● TO DO: Copy out the full listing exactly, omitting any picture it contains.

● THE INPUT:
########
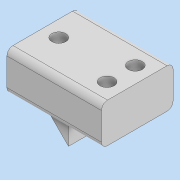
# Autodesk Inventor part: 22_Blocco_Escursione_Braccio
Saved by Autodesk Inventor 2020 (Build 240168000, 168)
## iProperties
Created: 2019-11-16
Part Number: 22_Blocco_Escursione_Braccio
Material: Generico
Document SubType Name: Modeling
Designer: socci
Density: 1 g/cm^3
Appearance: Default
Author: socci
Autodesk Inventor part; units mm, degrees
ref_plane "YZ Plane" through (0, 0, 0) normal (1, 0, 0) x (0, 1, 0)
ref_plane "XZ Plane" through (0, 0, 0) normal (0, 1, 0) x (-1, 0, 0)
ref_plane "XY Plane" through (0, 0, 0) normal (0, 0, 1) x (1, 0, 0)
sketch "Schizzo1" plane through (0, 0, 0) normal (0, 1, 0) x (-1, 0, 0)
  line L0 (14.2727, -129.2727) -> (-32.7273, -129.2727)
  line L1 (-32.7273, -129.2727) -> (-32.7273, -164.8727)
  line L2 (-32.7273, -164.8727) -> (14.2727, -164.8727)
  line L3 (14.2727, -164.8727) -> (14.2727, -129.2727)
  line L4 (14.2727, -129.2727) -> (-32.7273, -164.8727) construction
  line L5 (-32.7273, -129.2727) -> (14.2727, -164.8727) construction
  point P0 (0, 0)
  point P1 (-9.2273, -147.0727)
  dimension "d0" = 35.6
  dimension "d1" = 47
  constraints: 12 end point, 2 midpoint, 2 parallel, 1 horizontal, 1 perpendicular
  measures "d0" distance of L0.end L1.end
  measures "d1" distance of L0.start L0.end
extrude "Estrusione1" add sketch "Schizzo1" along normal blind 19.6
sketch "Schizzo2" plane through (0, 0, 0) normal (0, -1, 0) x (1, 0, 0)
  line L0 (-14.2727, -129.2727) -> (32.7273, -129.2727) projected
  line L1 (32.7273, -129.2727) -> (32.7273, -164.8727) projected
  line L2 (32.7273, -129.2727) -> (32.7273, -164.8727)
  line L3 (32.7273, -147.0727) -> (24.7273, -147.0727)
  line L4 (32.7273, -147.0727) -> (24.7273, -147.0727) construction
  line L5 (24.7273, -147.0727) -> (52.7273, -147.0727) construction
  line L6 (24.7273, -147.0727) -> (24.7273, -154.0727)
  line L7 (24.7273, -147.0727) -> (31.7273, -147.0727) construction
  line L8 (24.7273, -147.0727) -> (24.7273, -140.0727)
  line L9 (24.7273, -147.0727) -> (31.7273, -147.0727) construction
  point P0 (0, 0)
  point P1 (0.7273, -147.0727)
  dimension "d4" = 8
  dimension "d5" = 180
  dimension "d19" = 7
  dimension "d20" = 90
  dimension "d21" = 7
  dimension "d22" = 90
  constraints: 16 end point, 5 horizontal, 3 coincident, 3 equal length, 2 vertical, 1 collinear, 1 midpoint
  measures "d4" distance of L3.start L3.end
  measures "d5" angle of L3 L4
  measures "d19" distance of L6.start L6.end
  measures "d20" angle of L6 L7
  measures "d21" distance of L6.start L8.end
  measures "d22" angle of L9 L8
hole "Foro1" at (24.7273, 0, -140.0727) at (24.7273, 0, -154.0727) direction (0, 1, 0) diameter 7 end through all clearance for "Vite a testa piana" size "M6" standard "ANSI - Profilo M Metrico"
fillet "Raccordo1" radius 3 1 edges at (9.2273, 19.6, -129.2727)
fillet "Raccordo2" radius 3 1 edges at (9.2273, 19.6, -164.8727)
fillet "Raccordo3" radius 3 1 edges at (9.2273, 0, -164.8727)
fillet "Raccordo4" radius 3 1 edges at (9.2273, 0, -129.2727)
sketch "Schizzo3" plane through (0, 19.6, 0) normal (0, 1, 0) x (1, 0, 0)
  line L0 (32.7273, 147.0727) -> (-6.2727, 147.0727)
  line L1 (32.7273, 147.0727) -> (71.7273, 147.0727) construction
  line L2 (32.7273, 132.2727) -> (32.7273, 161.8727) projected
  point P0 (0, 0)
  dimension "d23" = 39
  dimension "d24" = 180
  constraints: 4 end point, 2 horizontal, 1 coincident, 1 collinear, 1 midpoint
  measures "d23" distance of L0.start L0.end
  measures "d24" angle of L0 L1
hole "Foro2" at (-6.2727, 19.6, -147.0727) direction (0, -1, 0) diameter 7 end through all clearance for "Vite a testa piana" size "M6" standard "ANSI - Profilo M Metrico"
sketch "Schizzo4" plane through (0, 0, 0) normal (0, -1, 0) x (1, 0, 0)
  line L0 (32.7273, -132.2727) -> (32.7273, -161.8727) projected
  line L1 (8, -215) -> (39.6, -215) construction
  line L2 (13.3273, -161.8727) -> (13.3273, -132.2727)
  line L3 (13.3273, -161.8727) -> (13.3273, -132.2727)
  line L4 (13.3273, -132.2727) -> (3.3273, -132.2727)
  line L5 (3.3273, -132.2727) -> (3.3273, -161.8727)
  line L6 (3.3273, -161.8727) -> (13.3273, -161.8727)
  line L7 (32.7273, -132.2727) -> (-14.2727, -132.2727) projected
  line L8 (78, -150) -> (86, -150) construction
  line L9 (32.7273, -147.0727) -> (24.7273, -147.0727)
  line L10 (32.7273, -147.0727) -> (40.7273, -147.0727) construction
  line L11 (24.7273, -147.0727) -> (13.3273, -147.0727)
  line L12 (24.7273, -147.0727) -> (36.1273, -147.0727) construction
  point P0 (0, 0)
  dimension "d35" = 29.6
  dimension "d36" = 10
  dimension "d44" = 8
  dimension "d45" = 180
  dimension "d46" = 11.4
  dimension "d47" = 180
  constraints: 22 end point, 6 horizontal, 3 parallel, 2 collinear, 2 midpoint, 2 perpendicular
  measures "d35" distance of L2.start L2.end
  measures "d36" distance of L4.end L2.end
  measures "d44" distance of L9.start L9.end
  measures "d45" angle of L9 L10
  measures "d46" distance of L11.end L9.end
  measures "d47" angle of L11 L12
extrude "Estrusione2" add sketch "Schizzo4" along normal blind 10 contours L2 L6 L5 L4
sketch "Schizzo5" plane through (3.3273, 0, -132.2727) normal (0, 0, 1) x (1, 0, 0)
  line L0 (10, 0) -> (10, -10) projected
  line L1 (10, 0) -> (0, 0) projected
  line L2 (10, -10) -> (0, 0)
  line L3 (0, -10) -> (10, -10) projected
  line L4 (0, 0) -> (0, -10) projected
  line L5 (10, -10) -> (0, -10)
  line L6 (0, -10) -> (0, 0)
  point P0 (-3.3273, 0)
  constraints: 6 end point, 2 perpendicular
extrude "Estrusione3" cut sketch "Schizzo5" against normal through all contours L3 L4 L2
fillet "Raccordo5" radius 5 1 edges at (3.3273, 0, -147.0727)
########
● RESPONSE TO THE TASK:
# Autodesk Inventor part: 22_Blocco_Escursione_Braccio
Saved by Autodesk Inventor 2020 (Build 240168000, 168)
## iProperties
Created: 2019-11-16
Part Number: 22_Blocco_Escursione_Braccio
Material: Generico
Document SubType Name: Modeling
Designer: socci
Density: 1 g/cm^3
Appearance: Default
Author: socci
Autodesk Inventor part; units mm, degrees
ref_plane "YZ Plane" through (0, 0, 0) normal (1, 0, 0) x (0, 1, 0)
ref_plane "XZ Plane" through (0, 0, 0) normal (0, 1, 0) x (-1, 0, 0)
ref_plane "XY Plane" through (0, 0, 0) normal (0, 0, 1) x (1, 0, 0)
sketch "Schizzo1" plane through (0, 0, 0) normal (0, 1, 0) x (-1, 0, 0)
  line L0 (14.2727, -129.2727) -> (-32.7273, -129.2727)
  line L1 (-32.7273, -129.2727) -> (-32.7273, -164.8727)
  line L2 (-32.7273, -164.8727) -> (14.2727, -164.8727)
  line L3 (14.2727, -164.8727) -> (14.2727, -129.2727)
  line L4 (14.2727, -129.2727) -> (-32.7273, -164.8727) construction
  line L5 (-32.7273, -129.2727) -> (14.2727, -164.8727) construction
  point P0 (0, 0)
  point P1 (-9.2273, -147.0727)
  dimension "d0" = 35.6
  dimension "d1" = 47
  constraints: 12 end point, 2 midpoint, 2 parallel, 1 horizontal, 1 perpendicular
  measures "d0" distance of L0.end L1.end
  measures "d1" distance of L0.start L0.end
extrude "Estrusione1" add sketch "Schizzo1" along normal blind 19.6
sketch "Schizzo2" plane through (0, 0, 0) normal (0, -1, 0) x (1, 0, 0)
  line L0 (-14.2727, -129.2727) -> (32.7273, -129.2727) projected
  line L1 (32.7273, -129.2727) -> (32.7273, -164.8727) projected
  line L2 (32.7273, -129.2727) -> (32.7273, -164.8727)
  line L3 (32.7273, -147.0727) -> (24.7273, -147.0727)
  line L4 (32.7273, -147.0727) -> (24.7273, -147.0727) construction
  line L5 (24.7273, -147.0727) -> (52.7273, -147.0727) construction
  line L6 (24.7273, -147.0727) -> (24.7273, -154.0727)
  line L7 (24.7273, -147.0727) -> (31.7273, -147.0727) construction
  line L8 (24.7273, -147.0727) -> (24.7273, -140.0727)
  line L9 (24.7273, -147.0727) -> (31.7273, -147.0727) construction
  point P0 (0, 0)
  point P1 (0.7273, -147.0727)
  dimension "d4" = 8
  dimension "d5" = 180
  dimension "d19" = 7
  dimension "d20" = 90
  dimension "d21" = 7
  dimension "d22" = 90
  constraints: 16 end point, 5 horizontal, 3 coincident, 3 equal length, 2 vertical, 1 collinear, 1 midpoint
  measures "d4" distance of L3.start L3.end
  measures "d5" angle of L3 L4
  measures "d19" distance of L6.start L6.end
  measures "d20" angle of L6 L7
  measures "d21" distance of L6.start L8.end
  measures "d22" angle of L9 L8
hole "Foro1" at (24.7273, 0, -140.0727) at (24.7273, 0, -154.0727) direction (0, 1, 0) diameter 7 end through all clearance for "Vite a testa piana" size "M6" standard "ANSI - Profilo M Metrico"
fillet "Raccordo1" radius 3 1 edges at (9.2273, 19.6, -129.2727)
fillet "Raccordo2" radius 3 1 edges at (9.2273, 19.6, -164.8727)
fillet "Raccordo3" radius 3 1 edges at (9.2273, 0, -164.8727)
fillet "Raccordo4" radius 3 1 edges at (9.2273, 0, -129.2727)
sketch "Schizzo3" plane through (0, 19.6, 0) normal (0, 1, 0) x (1, 0, 0)
  line L0 (32.7273, 147.0727) -> (-6.2727, 147.0727)
  line L1 (32.7273, 147.0727) -> (71.7273, 147.0727) construction
  line L2 (32.7273, 132.2727) -> (32.7273, 161.8727) projected
  point P0 (0, 0)
  dimension "d23" = 39
  dimension "d24" = 180
  constraints: 4 end point, 2 horizontal, 1 coincident, 1 collinear, 1 midpoint
  measures "d23" distance of L0.start L0.end
  measures "d24" angle of L0 L1
hole "Foro2" at (-6.2727, 19.6, -147.0727) direction (0, -1, 0) diameter 7 end through all clearance for "Vite a testa piana" size "M6" standard "ANSI - Profilo M Metrico"
sketch "Schizzo4" plane through (0, 0, 0) normal (0, -1, 0) x (1, 0, 0)
  line L0 (32.7273, -132.2727) -> (32.7273, -161.8727) projected
  line L1 (8, -215) -> (39.6, -215) construction
  line L2 (13.3273, -161.8727) -> (13.3273, -132.2727)
  line L3 (13.3273, -161.8727) -> (13.3273, -132.2727)
  line L4 (13.3273, -132.2727) -> (3.3273, -132.2727)
  line L5 (3.3273, -132.2727) -> (3.3273, -161.8727)
  line L6 (3.3273, -161.8727) -> (13.3273, -161.8727)
  line L7 (32.7273, -132.2727) -> (-14.2727, -132.2727) projected
  line L8 (78, -150) -> (86, -150) construction
  line L9 (32.7273, -147.0727) -> (24.7273, -147.0727)
  line L10 (32.7273, -147.0727) -> (40.7273, -147.0727) construction
  line L11 (24.7273, -147.0727) -> (13.3273, -147.0727)
  line L12 (24.7273, -147.0727) -> (36.1273, -147.0727) construction
  point P0 (0, 0)
  dimension "d35" = 29.6
  dimension "d36" = 10
  dimension "d44" = 8
  dimension "d45" = 180
  dimension "d46" = 11.4
  dimension "d47" = 180
  constraints: 22 end point, 6 horizontal, 3 parallel, 2 collinear, 2 midpoint, 2 perpendicular
  measures "d35" distance of L2.start L2.end
  measures "d36" distance of L4.end L2.end
  measures "d44" distance of L9.start L9.end
  measures "d45" angle of L9 L10
  measures "d46" distance of L11.end L9.end
  measures "d47" angle of L11 L12
extrude "Estrusione2" add sketch "Schizzo4" along normal blind 10 contours L2 L6 L5 L4
sketch "Schizzo5" plane through (3.3273, 0, -132.2727) normal (0, 0, 1) x (1, 0, 0)
  line L0 (10, 0) -> (10, -10) projected
  line L1 (10, 0) -> (0, 0) projected
  line L2 (10, -10) -> (0, 0)
  line L3 (0, -10) -> (10, -10) projected
  line L4 (0, 0) -> (0, -10) projected
  line L5 (10, -10) -> (0, -10)
  line L6 (0, -10) -> (0, 0)
  point P0 (-3.3273, 0)
  constraints: 6 end point, 2 perpendicular
extrude "Estrusione3" cut sketch "Schizzo5" against normal through all contours L3 L4 L2
fillet "Raccordo5" radius 5 1 edges at (3.3273, 0, -147.0727)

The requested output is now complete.